§ What you have to do:
Each line of the data below that contains "along" must be copied.

____

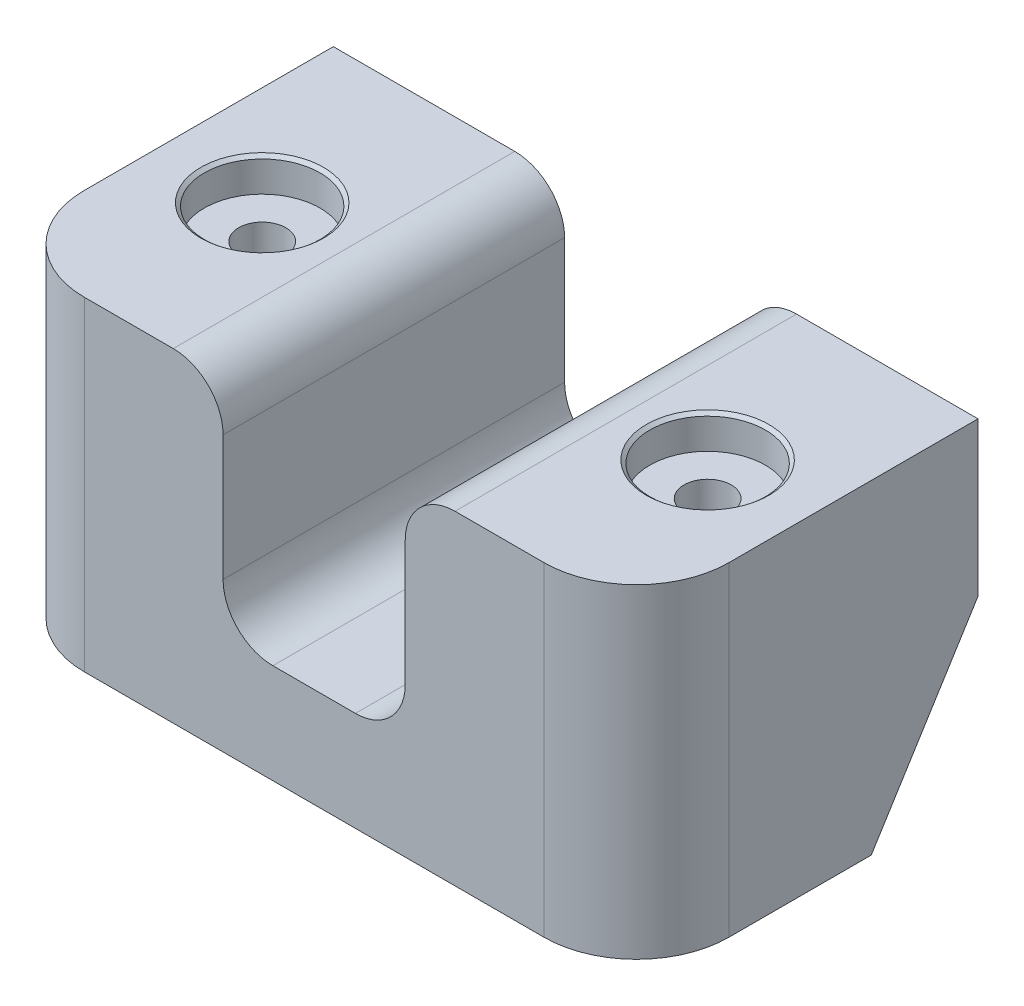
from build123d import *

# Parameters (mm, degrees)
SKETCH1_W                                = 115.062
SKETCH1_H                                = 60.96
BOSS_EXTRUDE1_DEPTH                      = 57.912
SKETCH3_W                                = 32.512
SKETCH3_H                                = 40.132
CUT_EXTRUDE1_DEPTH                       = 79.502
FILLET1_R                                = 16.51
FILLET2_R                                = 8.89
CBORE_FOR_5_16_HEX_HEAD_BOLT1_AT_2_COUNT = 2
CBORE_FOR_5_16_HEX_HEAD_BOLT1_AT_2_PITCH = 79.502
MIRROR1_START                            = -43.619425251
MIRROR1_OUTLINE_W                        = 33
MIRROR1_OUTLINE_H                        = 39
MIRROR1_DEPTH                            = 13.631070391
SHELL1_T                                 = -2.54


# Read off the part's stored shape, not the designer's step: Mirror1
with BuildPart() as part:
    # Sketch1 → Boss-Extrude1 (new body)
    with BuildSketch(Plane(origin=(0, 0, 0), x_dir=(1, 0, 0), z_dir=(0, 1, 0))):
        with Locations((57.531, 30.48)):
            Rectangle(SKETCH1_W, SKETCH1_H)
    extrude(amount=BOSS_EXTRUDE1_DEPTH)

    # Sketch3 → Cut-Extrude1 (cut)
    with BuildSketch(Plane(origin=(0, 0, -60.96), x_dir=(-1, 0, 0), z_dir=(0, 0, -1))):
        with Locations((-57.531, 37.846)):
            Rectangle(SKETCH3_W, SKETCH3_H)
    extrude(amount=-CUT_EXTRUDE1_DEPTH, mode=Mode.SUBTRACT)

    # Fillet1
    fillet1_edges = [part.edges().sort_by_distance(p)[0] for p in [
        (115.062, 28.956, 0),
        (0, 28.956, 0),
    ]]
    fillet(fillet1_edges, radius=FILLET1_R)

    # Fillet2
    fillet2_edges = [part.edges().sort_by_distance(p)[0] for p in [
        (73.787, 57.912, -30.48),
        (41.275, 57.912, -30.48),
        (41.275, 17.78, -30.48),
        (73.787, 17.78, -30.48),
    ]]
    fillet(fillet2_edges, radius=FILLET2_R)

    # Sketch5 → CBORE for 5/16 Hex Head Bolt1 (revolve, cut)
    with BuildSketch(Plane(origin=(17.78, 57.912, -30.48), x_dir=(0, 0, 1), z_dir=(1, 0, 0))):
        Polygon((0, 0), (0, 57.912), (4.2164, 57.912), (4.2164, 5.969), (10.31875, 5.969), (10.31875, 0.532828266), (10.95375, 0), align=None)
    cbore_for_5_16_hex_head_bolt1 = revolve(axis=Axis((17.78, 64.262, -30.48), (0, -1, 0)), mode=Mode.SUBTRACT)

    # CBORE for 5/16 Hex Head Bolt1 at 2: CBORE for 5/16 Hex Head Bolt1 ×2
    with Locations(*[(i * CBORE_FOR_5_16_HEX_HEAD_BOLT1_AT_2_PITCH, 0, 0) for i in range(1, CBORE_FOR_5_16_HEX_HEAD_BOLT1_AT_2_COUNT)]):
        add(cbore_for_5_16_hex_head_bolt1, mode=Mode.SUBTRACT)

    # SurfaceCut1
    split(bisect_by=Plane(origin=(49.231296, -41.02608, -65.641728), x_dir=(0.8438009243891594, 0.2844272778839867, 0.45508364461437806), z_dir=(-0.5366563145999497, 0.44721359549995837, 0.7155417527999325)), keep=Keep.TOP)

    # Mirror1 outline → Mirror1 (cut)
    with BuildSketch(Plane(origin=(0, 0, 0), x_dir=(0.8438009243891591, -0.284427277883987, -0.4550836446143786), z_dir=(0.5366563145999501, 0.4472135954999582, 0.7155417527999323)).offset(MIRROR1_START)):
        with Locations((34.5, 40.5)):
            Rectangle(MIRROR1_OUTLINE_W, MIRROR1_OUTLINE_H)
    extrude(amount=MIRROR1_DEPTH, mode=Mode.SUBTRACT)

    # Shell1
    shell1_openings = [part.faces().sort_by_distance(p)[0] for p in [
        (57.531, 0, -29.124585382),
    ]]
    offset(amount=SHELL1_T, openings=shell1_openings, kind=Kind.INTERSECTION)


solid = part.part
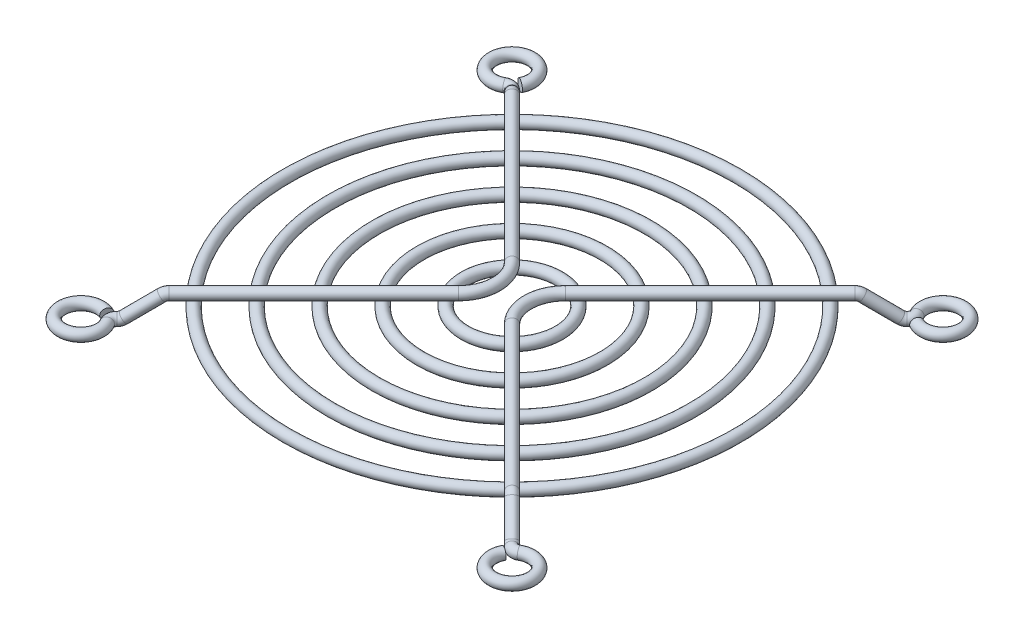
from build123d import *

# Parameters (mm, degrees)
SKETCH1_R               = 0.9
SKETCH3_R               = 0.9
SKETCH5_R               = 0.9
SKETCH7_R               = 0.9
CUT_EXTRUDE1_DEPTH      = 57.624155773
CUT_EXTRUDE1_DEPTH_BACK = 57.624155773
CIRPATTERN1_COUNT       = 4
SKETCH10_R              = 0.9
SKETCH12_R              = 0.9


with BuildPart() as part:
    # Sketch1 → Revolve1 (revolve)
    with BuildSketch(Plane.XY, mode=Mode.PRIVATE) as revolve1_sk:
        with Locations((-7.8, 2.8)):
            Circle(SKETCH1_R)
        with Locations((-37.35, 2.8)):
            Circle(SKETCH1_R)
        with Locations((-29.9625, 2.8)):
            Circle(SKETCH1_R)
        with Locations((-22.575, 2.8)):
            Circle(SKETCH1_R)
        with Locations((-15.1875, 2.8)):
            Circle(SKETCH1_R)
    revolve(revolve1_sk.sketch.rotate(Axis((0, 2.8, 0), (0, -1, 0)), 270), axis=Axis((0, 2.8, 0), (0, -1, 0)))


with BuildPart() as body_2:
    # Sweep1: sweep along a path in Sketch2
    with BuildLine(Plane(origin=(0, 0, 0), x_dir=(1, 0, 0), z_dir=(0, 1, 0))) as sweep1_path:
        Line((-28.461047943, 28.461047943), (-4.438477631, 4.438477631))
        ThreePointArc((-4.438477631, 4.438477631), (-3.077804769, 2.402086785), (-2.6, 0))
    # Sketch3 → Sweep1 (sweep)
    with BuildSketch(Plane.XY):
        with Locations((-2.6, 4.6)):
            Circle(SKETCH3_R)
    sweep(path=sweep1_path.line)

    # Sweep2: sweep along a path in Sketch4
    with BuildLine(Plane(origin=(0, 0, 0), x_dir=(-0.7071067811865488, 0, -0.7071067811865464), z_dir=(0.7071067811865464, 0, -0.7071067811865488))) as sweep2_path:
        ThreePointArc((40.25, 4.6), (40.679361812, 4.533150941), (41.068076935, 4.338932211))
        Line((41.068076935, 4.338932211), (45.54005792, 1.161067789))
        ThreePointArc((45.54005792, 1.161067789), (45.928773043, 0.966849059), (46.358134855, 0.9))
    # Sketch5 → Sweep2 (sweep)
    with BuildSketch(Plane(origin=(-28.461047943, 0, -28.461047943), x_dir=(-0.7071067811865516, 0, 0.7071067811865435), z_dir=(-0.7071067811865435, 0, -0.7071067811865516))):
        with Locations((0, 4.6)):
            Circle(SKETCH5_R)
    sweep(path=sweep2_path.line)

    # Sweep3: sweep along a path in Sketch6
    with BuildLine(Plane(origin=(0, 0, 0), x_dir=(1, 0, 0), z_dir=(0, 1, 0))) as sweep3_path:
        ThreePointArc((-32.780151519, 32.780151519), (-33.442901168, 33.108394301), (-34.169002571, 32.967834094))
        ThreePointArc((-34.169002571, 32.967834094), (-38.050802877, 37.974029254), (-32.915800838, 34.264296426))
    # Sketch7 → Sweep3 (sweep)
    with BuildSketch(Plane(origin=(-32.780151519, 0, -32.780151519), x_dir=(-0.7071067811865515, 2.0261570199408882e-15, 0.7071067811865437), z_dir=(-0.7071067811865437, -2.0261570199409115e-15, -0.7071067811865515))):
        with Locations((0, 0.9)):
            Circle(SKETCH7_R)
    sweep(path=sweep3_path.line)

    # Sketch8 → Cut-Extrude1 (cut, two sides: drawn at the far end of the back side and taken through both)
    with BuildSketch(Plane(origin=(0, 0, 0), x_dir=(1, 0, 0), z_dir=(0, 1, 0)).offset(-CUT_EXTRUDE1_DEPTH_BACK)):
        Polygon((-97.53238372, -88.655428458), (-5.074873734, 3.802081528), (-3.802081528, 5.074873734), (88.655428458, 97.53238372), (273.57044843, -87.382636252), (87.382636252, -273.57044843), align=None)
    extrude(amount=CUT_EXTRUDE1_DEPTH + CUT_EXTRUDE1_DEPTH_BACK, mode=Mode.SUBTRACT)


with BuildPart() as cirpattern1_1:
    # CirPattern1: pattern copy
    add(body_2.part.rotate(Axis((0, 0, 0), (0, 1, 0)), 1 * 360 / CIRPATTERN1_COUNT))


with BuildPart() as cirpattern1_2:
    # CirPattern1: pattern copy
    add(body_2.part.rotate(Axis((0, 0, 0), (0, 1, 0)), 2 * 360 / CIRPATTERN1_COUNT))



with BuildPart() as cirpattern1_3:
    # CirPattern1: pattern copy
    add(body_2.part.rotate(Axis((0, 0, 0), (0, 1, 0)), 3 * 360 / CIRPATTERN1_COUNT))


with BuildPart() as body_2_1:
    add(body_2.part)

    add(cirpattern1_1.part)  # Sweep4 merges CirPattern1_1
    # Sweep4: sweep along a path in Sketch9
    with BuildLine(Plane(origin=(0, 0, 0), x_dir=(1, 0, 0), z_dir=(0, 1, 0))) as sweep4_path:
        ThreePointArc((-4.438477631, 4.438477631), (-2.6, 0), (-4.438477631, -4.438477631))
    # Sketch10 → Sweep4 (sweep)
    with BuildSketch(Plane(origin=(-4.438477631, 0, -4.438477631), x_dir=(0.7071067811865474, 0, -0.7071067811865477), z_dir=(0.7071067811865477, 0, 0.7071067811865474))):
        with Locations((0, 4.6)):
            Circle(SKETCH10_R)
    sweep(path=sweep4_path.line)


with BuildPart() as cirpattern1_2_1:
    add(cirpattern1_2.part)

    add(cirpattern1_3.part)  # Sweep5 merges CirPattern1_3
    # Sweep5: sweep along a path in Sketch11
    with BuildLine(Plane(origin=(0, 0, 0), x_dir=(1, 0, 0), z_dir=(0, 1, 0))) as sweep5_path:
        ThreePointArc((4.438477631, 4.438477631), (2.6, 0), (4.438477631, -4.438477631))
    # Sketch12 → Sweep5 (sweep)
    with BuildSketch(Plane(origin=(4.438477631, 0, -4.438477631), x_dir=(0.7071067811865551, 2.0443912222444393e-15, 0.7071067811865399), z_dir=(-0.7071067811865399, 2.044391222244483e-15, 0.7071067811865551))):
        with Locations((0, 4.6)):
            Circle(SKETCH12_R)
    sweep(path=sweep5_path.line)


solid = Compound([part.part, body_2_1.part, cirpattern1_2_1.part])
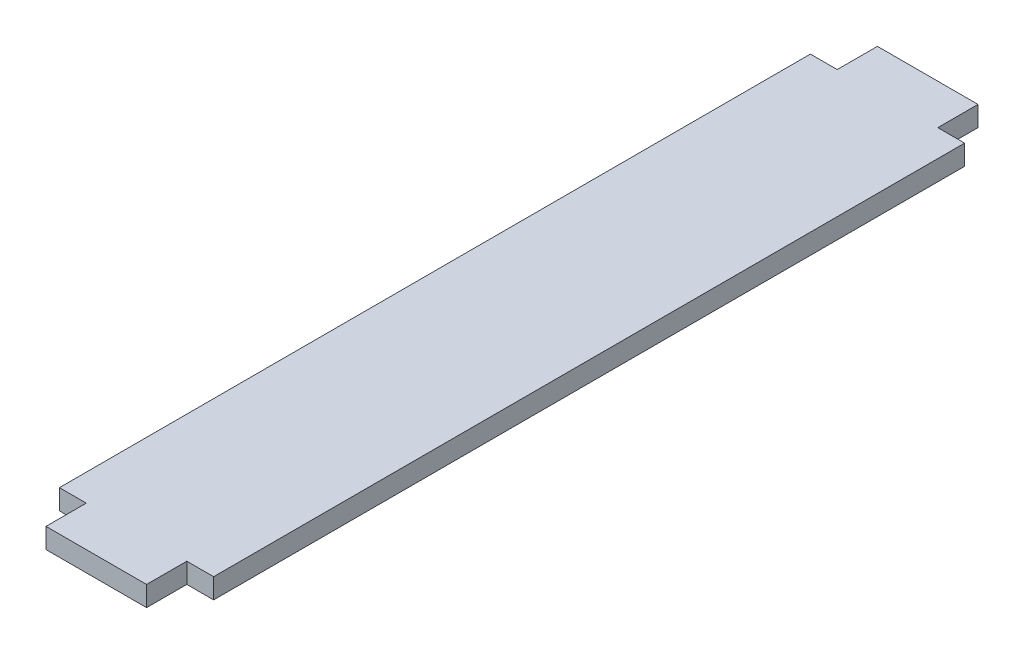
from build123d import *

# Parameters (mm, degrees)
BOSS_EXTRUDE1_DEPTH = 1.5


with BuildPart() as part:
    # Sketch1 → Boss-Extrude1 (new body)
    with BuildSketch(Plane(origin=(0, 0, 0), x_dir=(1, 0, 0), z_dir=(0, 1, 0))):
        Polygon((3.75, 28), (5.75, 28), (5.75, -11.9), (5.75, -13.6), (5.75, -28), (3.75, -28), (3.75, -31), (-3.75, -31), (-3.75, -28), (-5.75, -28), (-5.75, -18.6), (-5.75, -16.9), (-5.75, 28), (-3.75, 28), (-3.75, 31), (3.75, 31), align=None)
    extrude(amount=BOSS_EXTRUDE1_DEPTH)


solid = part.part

____

§ Output for this exercise:
    # Sweep1: sweep along a path in Sketch2
    # Sweep2: sweep along a path in Sketch4
    # Sweep3: sweep along a path in Sketch6
    # Sweep4: sweep along a path in Sketch9
    # Sweep5: sweep along a path in Sketch11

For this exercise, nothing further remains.